◆ Problem description: Only one stretch of the records below is wanted: the lines from the one holding "#5=PRODUCT_RELATED_PRODUCT_CATEGORY('part','',(#4));" through the one holding "#25=DIRECTION('',(0.,-1.,0.));". Return it exactly, both ends included.

╭─ Dataset extract

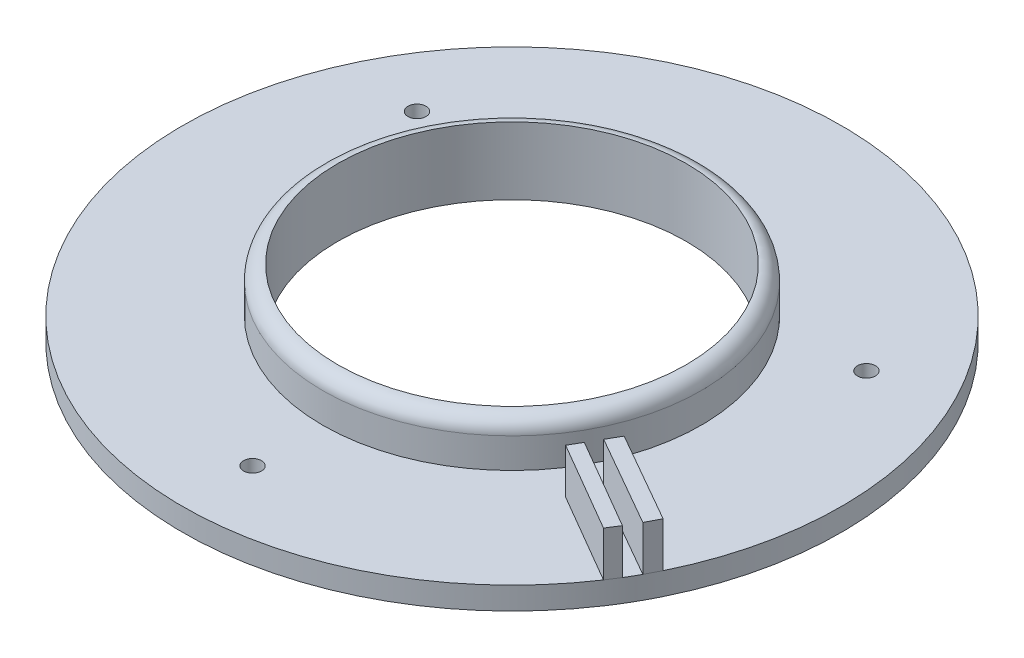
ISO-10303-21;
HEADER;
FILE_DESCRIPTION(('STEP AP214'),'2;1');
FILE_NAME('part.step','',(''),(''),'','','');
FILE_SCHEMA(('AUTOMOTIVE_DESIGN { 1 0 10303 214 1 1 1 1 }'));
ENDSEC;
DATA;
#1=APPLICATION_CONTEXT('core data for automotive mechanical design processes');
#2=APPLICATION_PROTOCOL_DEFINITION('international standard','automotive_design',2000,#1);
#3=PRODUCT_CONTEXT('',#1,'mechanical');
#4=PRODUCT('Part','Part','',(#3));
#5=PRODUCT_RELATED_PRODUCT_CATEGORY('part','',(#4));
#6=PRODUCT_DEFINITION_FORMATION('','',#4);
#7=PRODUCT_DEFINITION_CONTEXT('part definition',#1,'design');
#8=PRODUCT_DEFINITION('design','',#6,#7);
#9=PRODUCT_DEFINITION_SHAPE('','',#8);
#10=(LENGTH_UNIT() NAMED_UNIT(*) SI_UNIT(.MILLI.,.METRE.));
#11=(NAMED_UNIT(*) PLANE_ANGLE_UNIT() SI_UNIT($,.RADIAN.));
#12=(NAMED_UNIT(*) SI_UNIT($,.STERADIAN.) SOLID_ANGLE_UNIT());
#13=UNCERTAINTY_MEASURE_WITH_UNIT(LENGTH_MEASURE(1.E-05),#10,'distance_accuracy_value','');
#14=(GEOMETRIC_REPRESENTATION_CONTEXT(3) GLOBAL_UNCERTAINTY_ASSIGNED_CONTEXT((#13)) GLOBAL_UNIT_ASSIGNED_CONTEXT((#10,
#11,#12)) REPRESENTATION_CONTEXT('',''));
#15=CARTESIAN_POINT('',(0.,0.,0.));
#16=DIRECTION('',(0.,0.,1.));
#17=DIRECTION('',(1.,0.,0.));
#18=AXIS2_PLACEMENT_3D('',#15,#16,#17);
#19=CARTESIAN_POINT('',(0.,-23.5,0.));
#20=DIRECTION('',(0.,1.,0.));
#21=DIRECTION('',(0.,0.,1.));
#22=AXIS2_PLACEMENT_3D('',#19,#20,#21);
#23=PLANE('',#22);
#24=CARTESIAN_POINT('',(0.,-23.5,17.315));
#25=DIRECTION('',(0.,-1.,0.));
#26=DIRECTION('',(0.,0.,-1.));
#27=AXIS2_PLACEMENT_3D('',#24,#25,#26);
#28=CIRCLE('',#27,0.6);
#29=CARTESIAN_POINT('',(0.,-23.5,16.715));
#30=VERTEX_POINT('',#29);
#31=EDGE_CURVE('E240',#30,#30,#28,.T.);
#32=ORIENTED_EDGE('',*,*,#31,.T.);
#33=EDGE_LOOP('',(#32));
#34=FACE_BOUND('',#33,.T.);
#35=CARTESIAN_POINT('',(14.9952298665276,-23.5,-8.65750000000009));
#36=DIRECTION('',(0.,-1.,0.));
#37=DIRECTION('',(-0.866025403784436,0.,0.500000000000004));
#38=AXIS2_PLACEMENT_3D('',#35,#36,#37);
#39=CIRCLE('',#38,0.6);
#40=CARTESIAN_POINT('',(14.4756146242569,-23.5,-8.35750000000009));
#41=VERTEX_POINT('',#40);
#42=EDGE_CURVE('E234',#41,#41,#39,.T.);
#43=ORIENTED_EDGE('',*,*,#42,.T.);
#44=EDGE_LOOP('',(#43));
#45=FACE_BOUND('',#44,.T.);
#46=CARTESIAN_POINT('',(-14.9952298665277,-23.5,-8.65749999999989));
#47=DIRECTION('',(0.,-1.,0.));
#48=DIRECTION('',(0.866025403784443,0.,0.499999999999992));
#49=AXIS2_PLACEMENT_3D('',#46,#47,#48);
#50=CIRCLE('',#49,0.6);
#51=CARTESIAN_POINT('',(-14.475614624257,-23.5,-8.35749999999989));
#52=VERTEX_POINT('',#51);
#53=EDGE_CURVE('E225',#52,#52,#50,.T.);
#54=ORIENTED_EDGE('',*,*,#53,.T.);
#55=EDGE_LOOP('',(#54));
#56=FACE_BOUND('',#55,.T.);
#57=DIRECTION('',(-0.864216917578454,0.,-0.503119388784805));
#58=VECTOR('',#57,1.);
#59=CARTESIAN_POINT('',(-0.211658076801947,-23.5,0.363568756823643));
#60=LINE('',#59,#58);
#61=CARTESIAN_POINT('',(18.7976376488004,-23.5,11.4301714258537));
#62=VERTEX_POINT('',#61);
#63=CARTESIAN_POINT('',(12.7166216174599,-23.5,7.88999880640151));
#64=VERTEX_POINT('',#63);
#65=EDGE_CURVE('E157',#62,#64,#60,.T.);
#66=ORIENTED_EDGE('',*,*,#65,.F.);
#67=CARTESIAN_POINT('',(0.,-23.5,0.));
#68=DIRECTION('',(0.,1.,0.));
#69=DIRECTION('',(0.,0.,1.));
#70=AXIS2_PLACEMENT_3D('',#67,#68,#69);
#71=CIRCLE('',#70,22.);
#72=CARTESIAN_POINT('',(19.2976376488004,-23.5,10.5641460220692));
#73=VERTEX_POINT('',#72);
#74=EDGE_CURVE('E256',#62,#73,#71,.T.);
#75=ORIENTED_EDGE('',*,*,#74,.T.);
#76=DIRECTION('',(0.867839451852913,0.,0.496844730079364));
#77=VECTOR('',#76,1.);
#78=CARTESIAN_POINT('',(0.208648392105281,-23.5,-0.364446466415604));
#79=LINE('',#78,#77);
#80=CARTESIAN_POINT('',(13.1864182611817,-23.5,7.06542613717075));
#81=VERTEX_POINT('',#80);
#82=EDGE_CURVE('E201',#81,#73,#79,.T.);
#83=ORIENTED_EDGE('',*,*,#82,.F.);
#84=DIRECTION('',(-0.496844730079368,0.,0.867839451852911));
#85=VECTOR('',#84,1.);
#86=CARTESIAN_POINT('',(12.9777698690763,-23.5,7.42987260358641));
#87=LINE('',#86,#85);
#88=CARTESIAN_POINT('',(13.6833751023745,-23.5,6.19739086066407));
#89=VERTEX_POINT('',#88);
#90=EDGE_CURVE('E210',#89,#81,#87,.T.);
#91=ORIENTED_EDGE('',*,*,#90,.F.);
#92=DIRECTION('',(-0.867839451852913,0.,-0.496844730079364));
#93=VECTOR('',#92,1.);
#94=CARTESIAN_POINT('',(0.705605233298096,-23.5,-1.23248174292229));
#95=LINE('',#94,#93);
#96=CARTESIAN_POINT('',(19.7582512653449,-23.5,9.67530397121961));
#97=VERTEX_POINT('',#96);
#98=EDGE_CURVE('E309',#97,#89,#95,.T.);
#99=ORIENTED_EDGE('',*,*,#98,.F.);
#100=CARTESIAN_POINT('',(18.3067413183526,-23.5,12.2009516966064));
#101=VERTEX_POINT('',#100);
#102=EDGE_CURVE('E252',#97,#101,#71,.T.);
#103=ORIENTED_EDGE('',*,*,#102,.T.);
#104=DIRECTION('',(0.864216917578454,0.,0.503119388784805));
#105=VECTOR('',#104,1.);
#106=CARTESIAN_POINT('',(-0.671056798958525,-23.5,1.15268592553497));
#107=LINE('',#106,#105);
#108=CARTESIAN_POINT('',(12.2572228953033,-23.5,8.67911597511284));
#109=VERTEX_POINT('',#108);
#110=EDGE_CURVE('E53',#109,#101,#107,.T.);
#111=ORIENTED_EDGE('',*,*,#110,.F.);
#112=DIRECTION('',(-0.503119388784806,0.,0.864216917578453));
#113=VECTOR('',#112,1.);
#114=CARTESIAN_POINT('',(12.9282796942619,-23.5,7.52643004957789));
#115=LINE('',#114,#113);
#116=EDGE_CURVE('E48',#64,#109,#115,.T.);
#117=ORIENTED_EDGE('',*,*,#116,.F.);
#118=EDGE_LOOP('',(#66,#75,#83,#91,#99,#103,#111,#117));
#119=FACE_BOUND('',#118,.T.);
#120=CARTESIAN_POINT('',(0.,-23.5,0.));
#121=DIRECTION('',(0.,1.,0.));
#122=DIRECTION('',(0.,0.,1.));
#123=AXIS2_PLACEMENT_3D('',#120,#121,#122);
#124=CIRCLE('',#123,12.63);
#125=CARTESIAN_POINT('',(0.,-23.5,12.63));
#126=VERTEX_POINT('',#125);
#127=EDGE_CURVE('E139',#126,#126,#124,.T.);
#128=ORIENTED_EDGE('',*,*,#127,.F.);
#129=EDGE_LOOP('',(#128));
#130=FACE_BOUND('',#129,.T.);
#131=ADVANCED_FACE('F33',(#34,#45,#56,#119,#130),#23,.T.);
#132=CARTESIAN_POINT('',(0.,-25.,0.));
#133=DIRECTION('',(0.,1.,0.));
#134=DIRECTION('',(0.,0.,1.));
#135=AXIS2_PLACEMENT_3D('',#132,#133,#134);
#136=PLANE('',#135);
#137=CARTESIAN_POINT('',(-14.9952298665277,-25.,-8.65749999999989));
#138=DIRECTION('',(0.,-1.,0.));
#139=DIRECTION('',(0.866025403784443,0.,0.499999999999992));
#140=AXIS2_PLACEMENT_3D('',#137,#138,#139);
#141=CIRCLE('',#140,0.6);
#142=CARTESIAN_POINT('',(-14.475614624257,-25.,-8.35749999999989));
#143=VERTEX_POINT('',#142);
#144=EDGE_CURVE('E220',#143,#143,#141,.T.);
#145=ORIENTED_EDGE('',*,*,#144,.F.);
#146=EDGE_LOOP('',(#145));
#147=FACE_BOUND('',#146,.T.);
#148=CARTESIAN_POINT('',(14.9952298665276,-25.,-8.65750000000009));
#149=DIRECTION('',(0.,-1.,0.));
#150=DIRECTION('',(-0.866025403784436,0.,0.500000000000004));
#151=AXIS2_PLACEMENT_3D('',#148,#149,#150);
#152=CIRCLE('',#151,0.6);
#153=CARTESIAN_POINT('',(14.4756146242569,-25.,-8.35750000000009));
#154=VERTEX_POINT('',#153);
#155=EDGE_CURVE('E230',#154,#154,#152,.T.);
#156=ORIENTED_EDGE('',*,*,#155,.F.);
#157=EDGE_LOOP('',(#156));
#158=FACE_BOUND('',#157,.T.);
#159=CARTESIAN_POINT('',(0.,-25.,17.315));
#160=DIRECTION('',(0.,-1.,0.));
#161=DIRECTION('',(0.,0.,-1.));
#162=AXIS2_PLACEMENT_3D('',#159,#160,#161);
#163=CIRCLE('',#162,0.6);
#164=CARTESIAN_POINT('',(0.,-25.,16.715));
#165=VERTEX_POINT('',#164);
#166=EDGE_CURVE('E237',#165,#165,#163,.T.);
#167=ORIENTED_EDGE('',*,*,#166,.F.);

╰─

◆ Answer space:
#5=PRODUCT_RELATED_PRODUCT_CATEGORY('part','',(#4));
#6=PRODUCT_DEFINITION_FORMATION('','',#4);
#7=PRODUCT_DEFINITION_CONTEXT('part definition',#1,'design');
#8=PRODUCT_DEFINITION('design','',#6,#7);
#9=PRODUCT_DEFINITION_SHAPE('','',#8);
#10=(LENGTH_UNIT() NAMED_UNIT(*) SI_UNIT(.MILLI.,.METRE.));
#11=(NAMED_UNIT(*) PLANE_ANGLE_UNIT() SI_UNIT($,.RADIAN.));
#12=(NAMED_UNIT(*) SI_UNIT($,.STERADIAN.) SOLID_ANGLE_UNIT());
#13=UNCERTAINTY_MEASURE_WITH_UNIT(LENGTH_MEASURE(1.E-05),#10,'distance_accuracy_value','');
#14=(GEOMETRIC_REPRESENTATION_CONTEXT(3) GLOBAL_UNCERTAINTY_ASSIGNED_CONTEXT((#13)) GLOBAL_UNIT_ASSIGNED_CONTEXT((#10,
#11,#12)) REPRESENTATION_CONTEXT('',''));
#15=CARTESIAN_POINT('',(0.,0.,0.));
#16=DIRECTION('',(0.,0.,1.));
#17=DIRECTION('',(1.,0.,0.));
#18=AXIS2_PLACEMENT_3D('',#15,#16,#17);
#19=CARTESIAN_POINT('',(0.,-23.5,0.));
#20=DIRECTION('',(0.,1.,0.));
#21=DIRECTION('',(0.,0.,1.));
#22=AXIS2_PLACEMENT_3D('',#19,#20,#21);
#23=PLANE('',#22);
#24=CARTESIAN_POINT('',(0.,-23.5,17.315));
#25=DIRECTION('',(0.,-1.,0.));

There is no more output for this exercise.